(INPUT DATA)
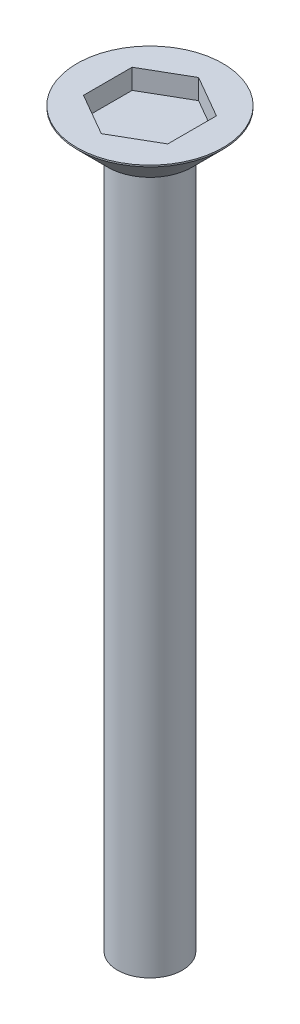
ISO-10303-21;
HEADER;
FILE_DESCRIPTION(('STEP AP214'),'2;1');
FILE_NAME('part.step','',(''),(''),'','','');
FILE_SCHEMA(('AUTOMOTIVE_DESIGN { 1 0 10303 214 1 1 1 1 }'));
ENDSEC;
DATA;
#1=APPLICATION_CONTEXT('core data for automotive mechanical design processes');
#2=APPLICATION_PROTOCOL_DEFINITION('international standard','automotive_design',2000,#1);
#3=PRODUCT_CONTEXT('',#1,'mechanical');
#4=PRODUCT('Part','Part','',(#3));
#5=PRODUCT_RELATED_PRODUCT_CATEGORY('part','',(#4));
#6=PRODUCT_DEFINITION_FORMATION('','',#4);
#7=PRODUCT_DEFINITION_CONTEXT('part definition',#1,'design');
#8=PRODUCT_DEFINITION('design','',#6,#7);
#9=PRODUCT_DEFINITION_SHAPE('','',#8);
#10=(LENGTH_UNIT() NAMED_UNIT(*) SI_UNIT(.MILLI.,.METRE.));
#11=(NAMED_UNIT(*) PLANE_ANGLE_UNIT() SI_UNIT($,.RADIAN.));
#12=(NAMED_UNIT(*) SI_UNIT($,.STERADIAN.) SOLID_ANGLE_UNIT());
#13=UNCERTAINTY_MEASURE_WITH_UNIT(LENGTH_MEASURE(1.E-05),#10,'distance_accuracy_value','');
#14=(GEOMETRIC_REPRESENTATION_CONTEXT(3) GLOBAL_UNCERTAINTY_ASSIGNED_CONTEXT((#13)) GLOBAL_UNIT_ASSIGNED_CONTEXT((#10,
#11,#12)) REPRESENTATION_CONTEXT('',''));
#15=CARTESIAN_POINT('',(0.,0.,0.));
#16=DIRECTION('',(0.,0.,1.));
#17=DIRECTION('',(1.,0.,0.));
#18=AXIS2_PLACEMENT_3D('',#15,#16,#17);
#19=CARTESIAN_POINT('',(0.,43.18,0.));
#20=DIRECTION('',(0.,-1.,0.));
#21=DIRECTION('',(0.,0.,-1.));
#22=AXIS2_PLACEMENT_3D('',#19,#20,#21);
#23=CYLINDRICAL_SURFACE('',#22,2.);
#24=CARTESIAN_POINT('',(0.,43.18,0.));
#25=DIRECTION('',(0.,1.,0.));
#26=DIRECTION('',(0.,0.,1.));
#27=AXIS2_PLACEMENT_3D('',#24,#25,#26);
#28=CIRCLE('',#27,2.);
#29=CARTESIAN_POINT('',(0.,43.18,2.));
#30=VERTEX_POINT('',#29);
#31=EDGE_CURVE('E153',#30,#30,#28,.T.);
#32=ORIENTED_EDGE('',*,*,#31,.F.);
#33=EDGE_LOOP('',(#32));
#34=FACE_BOUND('',#33,.T.);
#35=CARTESIAN_POINT('',(0.,0.,0.));
#36=DIRECTION('',(0.,1.,0.));
#37=DIRECTION('',(0.,0.,1.));
#38=AXIS2_PLACEMENT_3D('',#35,#36,#37);
#39=CIRCLE('',#38,2.);
#40=CARTESIAN_POINT('',(0.,0.,2.));
#41=VERTEX_POINT('',#40);
#42=EDGE_CURVE('E152',#41,#41,#39,.T.);
#43=ORIENTED_EDGE('',*,*,#42,.T.);
#44=EDGE_LOOP('',(#43));
#45=FACE_BOUND('',#44,.T.);
#46=ADVANCED_FACE('F41',(#34,#45),#23,.T.);
#47=CARTESIAN_POINT('',(0.,0.,0.));
#48=DIRECTION('',(0.,1.,0.));
#49=DIRECTION('',(0.,0.,1.));
#50=AXIS2_PLACEMENT_3D('',#47,#48,#49);
#51=PLANE('',#50);
#52=ORIENTED_EDGE('',*,*,#42,.F.);
#53=EDGE_LOOP('',(#52));
#54=FACE_BOUND('',#53,.T.);
#55=ADVANCED_FACE('F173',(#54),#51,.F.);
#56=CARTESIAN_POINT('',(0.,45.18,0.));
#57=DIRECTION('',(0.,-1.,0.));
#58=DIRECTION('',(0.,0.,-1.));
#59=AXIS2_PLACEMENT_3D('',#56,#57,#58);
#60=CYLINDRICAL_SURFACE('',#59,4.5);
#61=CARTESIAN_POINT('',(0.,45.085,0.));
#62=DIRECTION('',(0.,1.,0.));
#63=DIRECTION('',(0.,0.,1.));
#64=AXIS2_PLACEMENT_3D('',#61,#62,#63);
#65=CIRCLE('',#64,4.5);
#66=CARTESIAN_POINT('',(0.,45.085,4.5));
#67=VERTEX_POINT('',#66);
#68=EDGE_CURVE('E50',#67,#67,#65,.T.);
#69=ORIENTED_EDGE('',*,*,#68,.T.);
#70=EDGE_LOOP('',(#69));
#71=FACE_BOUND('',#70,.T.);
#72=CARTESIAN_POINT('',(0.,45.18,0.));
#73=DIRECTION('',(0.,1.,0.));
#74=DIRECTION('',(0.,0.,1.));
#75=AXIS2_PLACEMENT_3D('',#72,#73,#74);
#76=CIRCLE('',#75,4.5);
#77=CARTESIAN_POINT('',(0.,45.18,4.5));
#78=VERTEX_POINT('',#77);
#79=EDGE_CURVE('E144',#78,#78,#76,.T.);
#80=ORIENTED_EDGE('',*,*,#79,.F.);
#81=EDGE_LOOP('',(#80));
#82=FACE_BOUND('',#81,.T.);
#83=ADVANCED_FACE('F160',(#71,#82),#60,.T.);
#84=CARTESIAN_POINT('',(0.,45.18,0.));
#85=DIRECTION('',(0.,1.,0.));
#86=DIRECTION('',(0.,0.,1.));
#87=AXIS2_PLACEMENT_3D('',#84,#85,#86);
#88=PLANE('',#87);
#89=DIRECTION('',(-0.866025403784439,0.,-0.5));
#90=VECTOR('',#89,1.);
#91=CARTESIAN_POINT('',(2.59807621135332,45.18,-1.5));
#92=LINE('',#91,#90);
#93=CARTESIAN_POINT('',(2.59807621135332,45.18,-1.5));
#94=VERTEX_POINT('',#93);
#95=CARTESIAN_POINT('',(0.,45.18,-3.));
#96=VERTEX_POINT('',#95);
#97=EDGE_CURVE('E57',#94,#96,#92,.T.);
#98=ORIENTED_EDGE('',*,*,#97,.F.);
#99=DIRECTION('',(0.,0.,-1.));
#100=VECTOR('',#99,1.);
#101=CARTESIAN_POINT('',(2.59807621135332,45.18,1.5));
#102=LINE('',#101,#100);
#103=CARTESIAN_POINT('',(2.59807621135332,45.18,1.5));
#104=VERTEX_POINT('',#103);
#105=EDGE_CURVE('E140',#104,#94,#102,.T.);
#106=ORIENTED_EDGE('',*,*,#105,.F.);
#107=DIRECTION('',(0.866025403784439,0.,-0.5));
#108=VECTOR('',#107,1.);
#109=CARTESIAN_POINT('',(0.,45.18,3.));
#110=LINE('',#109,#108);
#111=CARTESIAN_POINT('',(0.,45.18,3.));
#112=VERTEX_POINT('',#111);
#113=EDGE_CURVE('E138',#112,#104,#110,.T.);
#114=ORIENTED_EDGE('',*,*,#113,.F.);
#115=DIRECTION('',(0.866025403784439,0.,0.5));
#116=VECTOR('',#115,1.);
#117=CARTESIAN_POINT('',(-2.59807621135332,45.18,1.5));
#118=LINE('',#117,#116);
#119=CARTESIAN_POINT('',(-2.59807621135332,45.18,1.5));
#120=VERTEX_POINT('',#119);
#121=EDGE_CURVE('E105',#120,#112,#118,.T.);
#122=ORIENTED_EDGE('',*,*,#121,.F.);
#123=DIRECTION('',(0.,0.,1.));
#124=VECTOR('',#123,1.);
#125=CARTESIAN_POINT('',(-2.59807621135332,45.18,-1.5));
#126=LINE('',#125,#124);
#127=CARTESIAN_POINT('',(-2.59807621135332,45.18,-1.5));
#128=VERTEX_POINT('',#127);
#129=EDGE_CURVE('E134',#128,#120,#126,.T.);
#130=ORIENTED_EDGE('',*,*,#129,.F.);
#131=DIRECTION('',(-0.866025403784439,0.,0.5));
#132=VECTOR('',#131,1.);
#133=CARTESIAN_POINT('',(0.,45.18,-3.));
#134=LINE('',#133,#132);
#135=EDGE_CURVE('E131',#96,#128,#134,.T.);
#136=ORIENTED_EDGE('',*,*,#135,.F.);
#137=EDGE_LOOP('',(#98,#106,#114,#122,#130,#136));
#138=FACE_BOUND('',#137,.T.);
#139=ORIENTED_EDGE('',*,*,#79,.T.);
#140=EDGE_LOOP('',(#139));
#141=FACE_BOUND('',#140,.T.);
#142=ADVANCED_FACE('F185',(#138,#141),#88,.T.);
#143=CARTESIAN_POINT('',(0.,43.18,0.));
#144=DIRECTION('',(0.,1.,0.));
#145=DIRECTION('',(0.,0.,1.));
#146=AXIS2_PLACEMENT_3D('',#143,#144,#145);
#147=PLANE('',#146);
#148=CARTESIAN_POINT('',(0.,43.18,0.));
#149=DIRECTION('',(0.,1.,0.));
#150=DIRECTION('',(0.,0.,1.));
#151=AXIS2_PLACEMENT_3D('',#148,#149,#150);
#152=CIRCLE('',#151,2.595);
#153=CARTESIAN_POINT('',(0.,43.18,2.595));
#154=VERTEX_POINT('',#153);
#155=EDGE_CURVE('E11',#154,#154,#152,.F.);
#156=ORIENTED_EDGE('',*,*,#155,.T.);
#157=EDGE_LOOP('',(#156));
#158=FACE_BOUND('',#157,.T.);
#159=ORIENTED_EDGE('',*,*,#31,.T.);
#160=EDGE_LOOP('',(#159));
#161=FACE_BOUND('',#160,.T.);
#162=ADVANCED_FACE('F186',(#158,#161),#147,.F.);
#163=CARTESIAN_POINT('',(2.59807621135332,43.942,-1.5));
#164=DIRECTION('',(0.5,0.,-0.866025403784439));
#165=DIRECTION('',(-0.866025403784439,0.,-0.5));
#166=AXIS2_PLACEMENT_3D('',#163,#164,#165);
#167=PLANE('',#166);
#168=ORIENTED_EDGE('',*,*,#97,.T.);
#169=DIRECTION('',(0.,1.,0.));
#170=VECTOR('',#169,1.);
#171=CARTESIAN_POINT('',(0.,43.942,-3.));
#172=LINE('',#171,#170);
#173=CARTESIAN_POINT('',(0.,43.942,-3.));
#174=VERTEX_POINT('',#173);
#175=EDGE_CURVE('E87',#174,#96,#172,.T.);
#176=ORIENTED_EDGE('',*,*,#175,.F.);
#177=DIRECTION('',(-0.866025403784439,0.,-0.5));
#178=VECTOR('',#177,1.);
#179=CARTESIAN_POINT('',(2.59807621135332,43.942,-1.5));
#180=LINE('',#179,#178);
#181=CARTESIAN_POINT('',(2.59807621135332,43.942,-1.5));
#182=VERTEX_POINT('',#181);
#183=EDGE_CURVE('E142',#182,#174,#180,.T.);
#184=ORIENTED_EDGE('',*,*,#183,.F.);
#185=DIRECTION('',(0.,1.,0.));
#186=VECTOR('',#185,1.);
#187=CARTESIAN_POINT('',(2.59807621135332,43.942,-1.5));
#188=LINE('',#187,#186);
#189=EDGE_CURVE('E65',#182,#94,#188,.T.);
#190=ORIENTED_EDGE('',*,*,#189,.T.);
#191=EDGE_LOOP('',(#168,#176,#184,#190));
#192=FACE_BOUND('',#191,.T.);
#193=ADVANCED_FACE('F188',(#192),#167,.F.);
#194=CARTESIAN_POINT('',(2.59807621135332,43.942,1.5));
#195=DIRECTION('',(1.,0.,0.));
#196=DIRECTION('',(0.,0.,-1.));
#197=AXIS2_PLACEMENT_3D('',#194,#195,#196);
#198=PLANE('',#197);
#199=ORIENTED_EDGE('',*,*,#105,.T.);
#200=ORIENTED_EDGE('',*,*,#189,.F.);
#201=DIRECTION('',(0.,0.,-1.));
#202=VECTOR('',#201,1.);
#203=CARTESIAN_POINT('',(2.59807621135332,43.942,1.5));
#204=LINE('',#203,#202);
#205=CARTESIAN_POINT('',(2.59807621135332,43.942,1.5));
#206=VERTEX_POINT('',#205);
#207=EDGE_CURVE('E117',#206,#182,#204,.T.);
#208=ORIENTED_EDGE('',*,*,#207,.F.);
#209=DIRECTION('',(0.,1.,0.));
#210=VECTOR('',#209,1.);
#211=CARTESIAN_POINT('',(2.59807621135332,43.942,1.5));
#212=LINE('',#211,#210);
#213=EDGE_CURVE('E109',#206,#104,#212,.T.);
#214=ORIENTED_EDGE('',*,*,#213,.T.);
#215=EDGE_LOOP('',(#199,#200,#208,#214));
#216=FACE_BOUND('',#215,.T.);
#217=ADVANCED_FACE('F195',(#216),#198,.F.);
#218=CARTESIAN_POINT('',(0.,43.942,3.));
#219=DIRECTION('',(0.5,0.,0.866025403784439));
#220=DIRECTION('',(0.866025403784439,0.,-0.5));
#221=AXIS2_PLACEMENT_3D('',#218,#219,#220);
#222=PLANE('',#221);
#223=ORIENTED_EDGE('',*,*,#113,.T.);
#224=ORIENTED_EDGE('',*,*,#213,.F.);
#225=DIRECTION('',(0.866025403784439,0.,-0.5));
#226=VECTOR('',#225,1.);
#227=CARTESIAN_POINT('',(0.,43.942,3.));
#228=LINE('',#227,#226);
#229=CARTESIAN_POINT('',(0.,43.942,3.));
#230=VERTEX_POINT('',#229);
#231=EDGE_CURVE('E113',#230,#206,#228,.T.);
#232=ORIENTED_EDGE('',*,*,#231,.F.);
#233=DIRECTION('',(0.,1.,0.));
#234=VECTOR('',#233,1.);
#235=CARTESIAN_POINT('',(0.,43.942,3.));
#236=LINE('',#235,#234);
#237=EDGE_CURVE('E98',#230,#112,#236,.T.);
#238=ORIENTED_EDGE('',*,*,#237,.T.);
#239=EDGE_LOOP('',(#223,#224,#232,#238));
#240=FACE_BOUND('',#239,.T.);
#241=ADVANCED_FACE('F114',(#240),#222,.F.);
#242=CARTESIAN_POINT('',(-2.59807621135332,43.942,1.5));
#243=DIRECTION('',(-0.5,0.,0.866025403784439));
#244=DIRECTION('',(0.866025403784439,0.,0.5));
#245=AXIS2_PLACEMENT_3D('',#242,#243,#244);
#246=PLANE('',#245);
#247=ORIENTED_EDGE('',*,*,#121,.T.);
#248=ORIENTED_EDGE('',*,*,#237,.F.);
#249=DIRECTION('',(0.866025403784439,0.,0.5));
#250=VECTOR('',#249,1.);
#251=CARTESIAN_POINT('',(-2.59807621135332,43.942,1.5));
#252=LINE('',#251,#250);
#253=CARTESIAN_POINT('',(-2.59807621135332,43.942,1.5));
#254=VERTEX_POINT('',#253);
#255=EDGE_CURVE('E102',#254,#230,#252,.T.);
#256=ORIENTED_EDGE('',*,*,#255,.F.);
#257=DIRECTION('',(0.,1.,0.));
#258=VECTOR('',#257,1.);
#259=CARTESIAN_POINT('',(-2.59807621135332,43.942,1.5));
#260=LINE('',#259,#258);
#261=EDGE_CURVE('E110',#254,#120,#260,.T.);
#262=ORIENTED_EDGE('',*,*,#261,.T.);
#263=EDGE_LOOP('',(#247,#248,#256,#262));
#264=FACE_BOUND('',#263,.T.);
#265=ADVANCED_FACE('F100',(#264),#246,.F.);
#266=CARTESIAN_POINT('',(-2.59807621135332,43.942,-1.5));
#267=DIRECTION('',(-1.,0.,0.));
#268=DIRECTION('',(0.,0.,1.));
#269=AXIS2_PLACEMENT_3D('',#266,#267,#268);
#270=PLANE('',#269);
#271=ORIENTED_EDGE('',*,*,#129,.T.);
#272=ORIENTED_EDGE('',*,*,#261,.F.);
#273=DIRECTION('',(0.,0.,1.));
#274=VECTOR('',#273,1.);
#275=CARTESIAN_POINT('',(-2.59807621135332,43.942,-1.5));
#276=LINE('',#275,#274);
#277=CARTESIAN_POINT('',(-2.59807621135332,43.942,-1.5));
#278=VERTEX_POINT('',#277);
#279=EDGE_CURVE('E123',#278,#254,#276,.T.);
#280=ORIENTED_EDGE('',*,*,#279,.F.);
#281=DIRECTION('',(0.,1.,0.));
#282=VECTOR('',#281,1.);
#283=CARTESIAN_POINT('',(-2.59807621135332,43.942,-1.5));
#284=LINE('',#283,#282);
#285=EDGE_CURVE('E147',#278,#128,#284,.T.);
#286=ORIENTED_EDGE('',*,*,#285,.T.);
#287=EDGE_LOOP('',(#271,#272,#280,#286));
#288=FACE_BOUND('',#287,.T.);
#289=ADVANCED_FACE('F198',(#288),#270,.F.);
#290=CARTESIAN_POINT('',(0.,43.942,-3.));
#291=DIRECTION('',(-0.5,0.,-0.866025403784439));
#292=DIRECTION('',(-0.866025403784439,0.,0.5));
#293=AXIS2_PLACEMENT_3D('',#290,#291,#292);
#294=PLANE('',#293);
#295=ORIENTED_EDGE('',*,*,#135,.T.);
#296=ORIENTED_EDGE('',*,*,#285,.F.);
#297=DIRECTION('',(-0.866025403784439,0.,0.5));
#298=VECTOR('',#297,1.);
#299=CARTESIAN_POINT('',(0.,43.942,-3.));
#300=LINE('',#299,#298);
#301=EDGE_CURVE('E125',#174,#278,#300,.T.);
#302=ORIENTED_EDGE('',*,*,#301,.F.);
#303=ORIENTED_EDGE('',*,*,#175,.T.);
#304=EDGE_LOOP('',(#295,#296,#302,#303));
#305=FACE_BOUND('',#304,.T.);
#306=ADVANCED_FACE('F169',(#305),#294,.F.);
#307=CARTESIAN_POINT('',(0.,43.942,0.));
#308=DIRECTION('',(0.,1.,0.));
#309=DIRECTION('',(0.,0.,1.));
#310=AXIS2_PLACEMENT_3D('',#307,#308,#309);
#311=PLANE('',#310);
#312=ORIENTED_EDGE('',*,*,#183,.T.);
#313=ORIENTED_EDGE('',*,*,#301,.T.);
#314=ORIENTED_EDGE('',*,*,#279,.T.);
#315=ORIENTED_EDGE('',*,*,#255,.T.);
#316=ORIENTED_EDGE('',*,*,#231,.T.);
#317=ORIENTED_EDGE('',*,*,#207,.T.);
#318=EDGE_LOOP('',(#312,#313,#314,#315,#316,#317));
#319=FACE_BOUND('',#318,.T.);
#320=ADVANCED_FACE('F120',(#319),#311,.T.);
#321=CARTESIAN_POINT('',(0.,45.085,0.));
#322=DIRECTION('',(0.,1.,0.));
#323=DIRECTION('',(0.,0.,1.));
#324=AXIS2_PLACEMENT_3D('',#321,#322,#323);
#325=CONICAL_SURFACE('',#324,4.5,0.78539816339745);
#326=ORIENTED_EDGE('',*,*,#155,.F.);
#327=EDGE_LOOP('',(#326));
#328=FACE_BOUND('',#327,.T.);
#329=ORIENTED_EDGE('',*,*,#68,.F.);
#330=EDGE_LOOP('',(#329));
#331=FACE_BOUND('',#330,.T.);
#332=ADVANCED_FACE('F44',(#328,#331),#325,.T.);
#333=CLOSED_SHELL('',(#46,#55,#83,#142,#162,#193,#217,#241,#265,#289,#306,#320,#332));
#334=MANIFOLD_SOLID_BREP('B2',#333);
#335=ADVANCED_BREP_SHAPE_REPRESENTATION('',(#18,#334),#14);
#336=SHAPE_DEFINITION_REPRESENTATION(#9,#335);
ENDSEC;
END-ISO-10303-21;
(End INPUT DATA)
▶ _DIRECTIONS FOR THIS TASK_:
Reproduce the lines from the one with "#334=MANIFOLD_SOLID_BREP('B2',#333);" to the end of the data exactly, leaving out every earlier line.

▶ _EXERCISE SOLUTION_:
#334=MANIFOLD_SOLID_BREP('B2',#333);
#335=ADVANCED_BREP_SHAPE_REPRESENTATION('',(#18,#334),#14);
#336=SHAPE_DEFINITION_REPRESENTATION(#9,#335);
ENDSEC;
END-ISO-10303-21;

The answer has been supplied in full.